Sunday, October 9, 2011

Feds crack down on Calif. pot dispensaries

SACRAMENTO - Federal prosecutors announced an aggressive crackdown on California pot dispensaries Friday, vowing to shut down dozens of growing and sales operations and saying that the worst offenders are using the cover of medical marijuana to act as storefront drug dealers.

Officials described it as the first coordinated statewide offensive against marijuana dealers and suppliers who use California's 15-year-old medical-marijuana law as legal cover for running sophisticated drug trafficking ventures in plain sight.

"California's marijuana industry supplies the nation," said U.S. Attorney Benjamin Wagner, citing a 2009 federal study that 72 percent of marijuana plants eradicated nationwide were grown in California. "Huge amounts of marijuana grown here in this state is flowing east to other states, and huge amounts of money are flowing back in the opposite direction."

The actions were geared toward stopping a proliferation that has led to thousands of pot shops opening their doors across the state. The spread was fueled partly by the Obama administration's assurance two years ago that it did not plan to devote federal resources to countering marijuana outlets operating in compliance with state laws.

One example cited by the prosecutors Friday: In one Orange County strip mall, eight of the 11 second-floor suites are occupied by dispensaries and doctors' offices where healthy individuals obtain "sham" recommendations to use medical marijuana.

It is "a Costco, Walmart-type model that we see across California," said Andre Birotte Jr., U.S. attorney in the Los Angeles area. Some people making money from medical marijuana openly revel in what some have called "the new California gold rush," he said.

Landlords leasing property to dozens of warehouses and agricultural parcels where marijuana is being grown and retail spaces where pot is sold over the counter are receiving written warnings to evict their tenants or face criminal charges or seizure of their assets, the state's four U.S. attorneys said.

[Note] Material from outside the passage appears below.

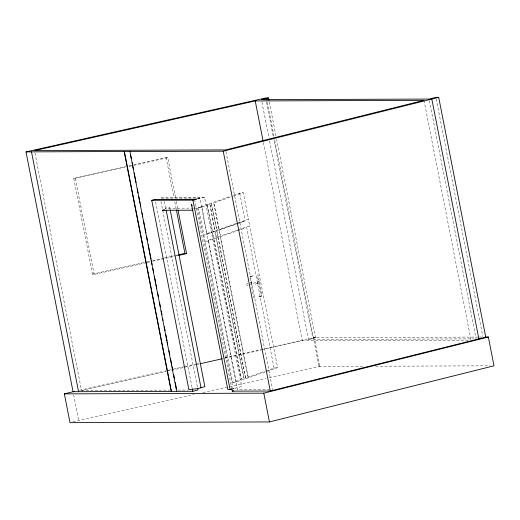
<?xml version="1.0" encoding="UTF-8"?>
<svg xmlns="http://www.w3.org/2000/svg" width="520" height="520" viewBox="0 0 520 520"><rect width="100%" height="100%" fill="white"/><g stroke="black" fill="none" stroke-linecap="round" stroke-linejoin="round"><path stroke-width="0.39" stroke-dasharray="2.6 1.95" d="M246.344 284.232L248.105 283.374M248.346 284.934L246.617 285.617M205.335 241.911L203.762 235.228L212.004 232.427L204.016 235.196L198.322 207.5L230.718 196.281M233.721 195.24L239.72 193.161L243.295 192.673L248.495 219.2L236.997 223.125M201.897 207.006L209.892 204.237L215.092 230.763L206.85 233.565L201.897 207.006L198.322 207.5M214.799 202.54L232.797 196.306M233.545 196.047L243.295 192.673M236.249 223.386L219.999 229.067M237.913 223.457L216.911 230.724L217.731 236.203L216.665 230.763L245.408 220.857L238.661 223.197M237.803 230.003L221.306 235.716M238.303 229.775L249.802 225.843L248.248 219.232M250.471 276.647L253.604 275.561L249.652 276.757L253.76 297.694L254.572 297.583M253.364 283.264L257.601 281.794L257.875 283.186L256.971 283.315L258.108 282.919C256.601 281.034 260.097 280.897 259.246 282.958L253.636 284.655M213.07 239.181L205.082 241.95L232.648 382.454L240.636 379.685M265.792 370.975L274.047 368.121L246.727 227.578L217.978 237.478L245.544 377.988L265.044 371.235M232.648 382.454L236.223 381.966L266.37 371.527M267.118 371.267L277.622 367.627L249.548 225.881M250.432 284.271L251.764 284.031L251.492 282.639L252.629 282.243L250.283 282.698M197.574 198.562L199.797 198.01L237.439 389.857L269.458 389.747M197.581 198.984L204.561 197.243L241.703 386.549L234.722 388.291M194.415 208.117L197.652 208.111L202.007 207.019M313.385 337.662L314.236 337.447L319.885 366.223L319.026 366.438L313.385 337.662L478.634 337.064M269.601 141.095L308.522 339.482L315.556 337.772L276.633 139.386M72.898 421.935L194.149 394.511M146.289 262.685L94.178 274.411L92.521 274.157L73.704 178.237L125.814 166.511M128.973 165.796L132.925 164.912M133.712 164.73L166.088 157.45L167.745 157.697L175.675 198.133M73.704 178.237L75.355 178.483L125.892 167.115M129.051 166.406L133.003 165.516M133.79 165.341L167.745 157.697M92.521 274.157L146.218 262.08M147.004 261.905L151.743 260.839M152.535 260.656L163.585 258.173M164.379 257.992L175.435 255.508M176.222 255.327L177.801 254.976M147.082 262.509L151.821 261.443M152.607 261.261L175.506 256.113M176.3 255.931L177.879 255.58M79.378 390.286L172.725 369.285M173.478 369.115L184.594 366.613M185.341 366.444L196.456 363.948M197.249 363.766L198.828 363.409M224.881 357.552L314.236 337.447M34.944 152.997L81.523 390.423L166.185 371.378M166.978 371.202L195.462 364.793M196.255 364.611L199.42 363.903M224.744 358.202L261.137 350.019M261.931 349.837L302.283 340.756L468.591 340.158M202.846 392.554L266.11 378.32M269.276 377.611L319.885 366.223M209.892 204.237L214.844 230.802M215.703 230.555L219.206 229.339L213.746 202.852L218.953 229.379M217.003 237.205L220.506 235.989L219.186 230.581L220.259 236.022M217.185 237.757L213.681 238.972L241.494 379.444L213.928 238.933M208.403 240.181L216.398 237.412L215.078 232.005L216.144 237.445M274.047 368.121L277.622 367.627M245.544 377.988L218.231 237.445M204.561 197.243L163.377 197.392L160.277 198.166L199.797 198.01M193.603 208.124L165.282 208.228L169.637 207.136L169.949 208.728M479.447 337.058L482.684 337.044M315.556 337.772L312.748 337.786L273.825 139.399M308.522 339.482L473.688 338.884M319.026 366.438L364.39 366.275M375.732 366.229L489.95 365.82M81.523 390.423L169.676 390.104M177.762 390.078L188.272 390.039M436.215 98.943L482.8 336.369M429.377 100.653L476.119 338.878M423.976 100.334L471.029 340.145M269.288 101.94L276.01 136.201M267.339 102.382L274.06 136.637M274.683 139.828L313.606 338.208M266.474 101.953L273.669 138.6M261.937 102.056L268.976 137.91M263.361 142.376L302.283 340.756M239.72 193.161L244.92 219.687M225.927 151.508L272.662 389.734M248.326 377.774L220.506 237.302L248.072 377.806M211.471 202.995L216.678 229.522L211.224 203.034M244.212 379.197L216.398 238.725L243.964 379.229M207.175 204.483L212.375 231.01L206.921 204.522M208.656 241.456L236.223 381.966M197.652 208.111L232.875 387.654M194.617 199.303L231.628 387.972M176.3 201.299L177.853 209.228M166.088 157.45L174.018 197.88M174.798 201.844L176.196 208.982M164.157 201.37L165.718 209.319M160.959 201.338L197.509 387.615M155.623 201.832L192.172 388.115M75.355 178.483L94.178 274.411M73.658 394.823L78.695 420.485M215.865 231.036L212.362 232.252L213.428 237.692L212.615 232.213L215.865 231.036M261.287 296.003L258.147 297.089L262.1 295.893L257.992 274.957L257.179 275.067L261.287 296.003"/><path stroke-width="0.78" d="M268.976 100.347L268.508 97.955L261.469 99.665L429.065 99.06L435.903 97.351L438.711 97.338L485.758 337.155L270.283 391.014L232.258 391.157L231.79 388.765M176.677 391.359L73.047 391.709L26 151.892L129.916 151.47L176.677 391.359L192.797 391.3L197.977 390L197.665 388.407M129.63 151.541L223.236 151.203L438.711 97.338M166.166 210.191L201.006 387.764L197.359 388.674L188.883 389.603L151.743 200.297L155.623 199.329M196.099 198.933L194.617 199.303L155.155 199.446M151.743 200.297L192.927 200.148L196.807 199.18M164.554 209.761L162.37 210.308L192.972 210.197M485.115 337.038L488.351 337.025L494 365.8L269.438 421.935L70.005 422.663L64.357 393.881L74.633 391.352M200.506 387.771L204.861 386.678L170.105 209.521M192.088 205.907L191.522 204.477L227.812 389.46L230.067 389.454L233.948 388.486M232.258 391.157L233.733 390.787M64.357 393.881L263.796 393.159L488.351 337.025M26 151.892L265.694 97.968L268.508 97.955M255.236 100.945L34.476 150.612L225.615 149.916L423.976 100.334L255.236 100.945L263.048 140.777M178.594 254.794L184.906 253.377L186.563 253.624L178.009 210.022M178.666 255.398L186.563 253.624M200.213 363.721L222.365 358.741M431.821 99.047L478.868 338.865M266.558 98.397L266.87 99.99M223.236 151.203L270.283 391.014M263.796 393.159L269.438 421.935M192.927 200.148L230.067 389.454M176.352 209.775L184.906 253.377M192.328 388.908L192.797 391.3M130.54 154.655L131.32 158.639M132.106 162.624L133.354 169M134.134 172.984L135.388 179.355M135.701 180.947L136.013 182.54M137.261 188.916L138.041 192.9M138.827 196.885L140.075 203.255M140.387 204.854L140.699 206.447M141.953 212.817L142.734 216.801M143.513 220.786L144.768 227.162M145.08 228.755L145.86 232.739M146.64 236.717L147.42 240.702M148.207 244.686L149.454 251.062M149.767 252.655L151.015 259.031M151.333 260.624L152.113 264.608M152.893 268.587L153.673 272.571M154.453 276.556L155.708 282.932M156.019 284.525L156.799 288.509M157.579 292.494L158.366 296.478M159.614 302.848L160.394 306.833M161.18 310.817L161.96 314.802M162.74 318.786L163.053 320.378M164.307 326.749L165.087 330.733M165.867 334.718L167.115 341.094M167.427 342.687L167.745 344.279M168.994 350.649L169.774 354.634M170.553 358.618L171.808 364.995M172.12 366.587L172.9 370.572M173.68 374.556L174.467 378.541M175.247 382.519L176.494 388.895M124.358 151.489L171.405 391.307M124.169 151.541L171.217 391.352M31.506 151.873L78.559 391.69"/></g></svg>

"The intention regarding medical marijuana under California state law was to allow marijuana to be supplied to seriously ill people on a non-profit basis," said U.S. Attorney Melinda Haag, the top federal law-enforcement officer for the San Francisco Bay area. "What we are finding, however, is that California's laws have been hijacked by people who are in this to get rich and don't care at all about sick people."

The crackdown comes a little more than two months after the Obama administration toughened its stand on medical marijuana. For two years before that, federal officials had indicated they would not move aggressively against dispensaries in compliance with laws in the 16 states where pot is legal for people with doctors' recommendations.

The Department of Justice issued a policy memo to federal prosecutors in late June stating that marijuana dispensaries and licensed growers in states with medical-marijuana laws could face prosecution for violating federal drug and money-laundering laws. The effort to shutter California dispensaries appeared to be the most far-reaching effort so far to put that guidance into action.

Increased federal intervention will likely unify marijuana growers and sellers in a drive to change federal policy, National Cannabis Industry Association spokeswoman Melissa Milam said.

"We're not going anywhere. We're mothers, we're patients, we're family members of patients," she said. "We want to pay taxes, we want to be able to make deposits at our bank, we want to be a business."

Not all of the thousands of storefront pot dispensaries thought to be operating in the state are being targeted in the crackdown, which also involves new indictments and arrests of marijuana growers and vendors throughout the state over the past two weeks, said Wagner, who represents the state's Central Valley.

The strategies federal authorities are using vary somewhat, with warning letters issued by the U.S. attorney in San Diego giving recipients 45 days to comply and property owners in Los Angeles, Orange County and the Central Coast given just two weeks to evict pot dispensaries or growers.